Learning outcomes of the learning unit
At the end of the class the student should be able (i) to be familiar with a broad class of techniques for solving optimal control problems (ii) to use these techniques for solving optimal control problems and to understand their main characteristics (iii) to have the ability to read and understand a significant amount of the scientific papers dedicated to this field of research and, in particular, those that relate to the reinforcement learning based approaches (also known as sampling based approaches) for solving optimal sequential decision making problems.
Among the different techniques that will be covered by this class, we can mention:
a. Dynamic programming and policy search techniques for Markov Decision Processes (MDPs)
b. Reinforcement learning techniques for MDPs
c. Techniques for solving the Exploration/Exploitation tradeoff, with a special focus on those that apply to multi-armed bandit problems.
d. Monte-Carlo Tree Search techniques for single-player and multi-player environments.
e. Multi-stage stochastic programming techniques for problems with large action spaces.
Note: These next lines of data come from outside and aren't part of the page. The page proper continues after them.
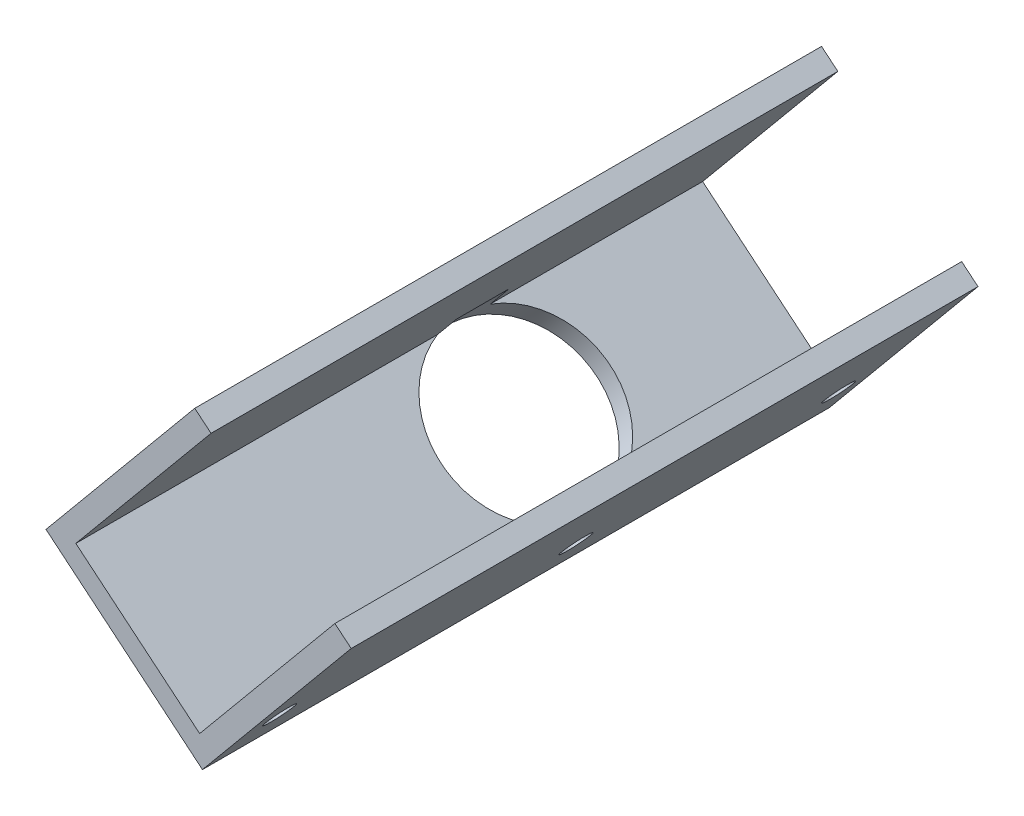
from build123d import *

# Parameters (mm, degrees)
ESTRUSIONE_SOTTILE1_DEPTH      = 37
ESTRUSIONE_SOTTILE1_DEPTH_BACK = 37
SCHIZZO2_R                     = 1.7
TAGLIO_ESTRUSIONE2_DEPTH       = 23
SCHIZZO3_R                     = 10
TAGLIO_ESTRUSIONE3_DEPTH       = 6
SCHIZZO4_W                     = 19
SCHIZZO4_H                     = 35
TAGLIO_ESTRUSIONE4_DEPTH       = 9
SCHIZZO5_R                     = 1.7
TAGLIO_ESTRUSIONE5_DEPTH       = 9
TAGLIO_ESTRUSIONE6_DEPTH       = 38
TAGLIO_ESTRUSIONE6_DEPTH_BACK  = 38


with BuildPart() as part:
    # Schizzo1 → Estrusione-Sottile1 (new body, two sides)
    with BuildSketch(Plane.XY) as estrusione_sottile1_sk:
        with BuildLine():
            Line((1.3418419, 31.371953403), (-14.62198067, 12.132505153))
            Line((-14.62198067, 12.132505153), (0, 0))
            Line((0, 0), (76.626348337, 92.349351598))
            ThreePointArc((76.626348337, 92.349351598), (100.821605793, 105.569380982), (125.016863249, 92.349351598))
            Line((125.016863249, 92.349351598), (132.637123428, 81.561358928))
            Line((132.637123428, 81.561358928), (153.805626203, 63.996914357))
            Line((153.805626203, 63.996914357), (152.209243946, 62.072969532))
            Line((152.209243946, 62.072969532), (130.786083182, 79.848715119))
            Line((130.786083182, 79.848715119), (122.942210931, 90.953275114))
            ThreePointArc((122.942210931, 90.953275114), (100.774095149, 103.069337988), (78.649981188, 90.873112409))
            Line((78.649981188, 90.873112409), (0.327562568, -3.520327082))
            Line((0.327562568, -3.520327082), (-18.142307752, 11.804942585))
            Line((-18.142307752, 11.804942585), (-0.582102925, 32.96833566))
            Line((-0.582102925, 32.96833566), (1.3418419, 31.371953403))
        make_face()
    extrude(amount=ESTRUSIONE_SOTTILE1_DEPTH)
    extrude(estrusione_sottile1_sk.sketch, amount=-ESTRUSIONE_SOTTILE1_DEPTH_BACK)

    # Schizzo2 → Taglio-Estrusione2 (cut)
    with BuildSketch(Plane(origin=(1.923944825, -1.596382257, 0), x_dir=(0, 0, -1), z_dir=(0.76957793, -0.638552903, 0))):
        with Locations((-6.552412565, 114.869422042)):
            Circle(SCHIZZO2_R)
        with Locations((-6.552412565, 104.052556993)):
            Circle(SCHIZZO2_R)
        with Locations((1.452296176, 109.710473024)):
            Circle(SCHIZZO2_R)
        with Locations((9.457004918, 104.551524007)):
            Circle(SCHIZZO2_R)
        with Locations((1.553386665, 98.82845624)):
            Circle(SCHIZZO2_R)
        with Locations((9.659185895, 93.604355486)):
            Circle(SCHIZZO2_R)
    extrude(amount=-TAGLIO_ESTRUSIONE2_DEPTH, mode=Mode.SUBTRACT)

    # Schizzo3 → Taglio-Estrusione3 (cut)
    with BuildSketch(Plane(origin=(-1.596382257, -1.923944825, 0), x_dir=(0.76957793, -0.638552903, 0), z_dir=(-0.638552903, -0.76957793, 0))):
        with Locations((-9.5, -8.811563563)):
            Circle(SCHIZZO3_R)
    extrude(amount=-TAGLIO_ESTRUSIONE3_DEPTH, mode=Mode.SUBTRACT)

    # Schizzo4 → Taglio-Estrusione4 (cut)
    with BuildSketch(Plane(origin=(0, 0, 0), x_dir=(0, 0, 1), z_dir=(-0.76957793, 0.638552903, 0))):
        with Locations((-7.5, 57.5)):
            Rectangle(SCHIZZO4_W, SCHIZZO4_H)
    extrude(amount=-TAGLIO_ESTRUSIONE4_DEPTH, mode=Mode.SUBTRACT)

    # Schizzo5 → Taglio-Estrusione5 (cut)
    with BuildSketch(Plane(origin=(0, 0, 0), x_dir=(0, 0, 1), z_dir=(-0.76957793, 0.638552903, 0))):
        with Locations((33, 5.5)):
            Circle(SCHIZZO5_R)
        with Locations((-33, 5.5)):
            Circle(SCHIZZO5_R)
        with Locations((-2, 5.5)):
            Circle(SCHIZZO5_R)
    extrude(amount=-TAGLIO_ESTRUSIONE5_DEPTH, mode=Mode.SUBTRACT)

    # Schizzo6 → Taglio-Estrusione6 (cut, two sides)
    with BuildSketch(Plane.XY) as taglio_estrusione6_sk:
        Polygon((1.3418419, 31.371953403), (32.99116726, 5.111106005), (167.345945228, 57.415127601), (141.955436185, 113.188092886), (32.984624639, 110.825582067), align=None)
    extrude(amount=TAGLIO_ESTRUSIONE6_DEPTH, mode=Mode.SUBTRACT)
    extrude(taglio_estrusione6_sk.sketch, amount=-TAGLIO_ESTRUSIONE6_DEPTH_BACK, mode=Mode.SUBTRACT)


solid = part.part

Prerequisite knowledge and skills
Basic knowledge in system theory, statistics, optimisation and machine learnng.
Good coding skills are required.
Planned learning activities and teaching methods
The classes will include different parts: theoretical courses, analyzes of scientific articles and exercises. The theoretical material will be taught mainly through inverse teaching.
Students will also have to work throughout the year on projects designed to implement the methodologies learned during the year on fairly simple examples.
Mode of delivery (face-to-face ; distance-learning)
Recommended or required readings
The teaching material will be accessible on the class website, see: http://blogs.ulg.ac.be/damien-ernst/teaching/
Assessment methods and criteria
The evaluation consists of two parts: a continuous assessment during the year which will count for 50% of the points and an oral examination at the end of the year.
Possibility for motivated students to do a research internship in this exciting field of artificial intelligence.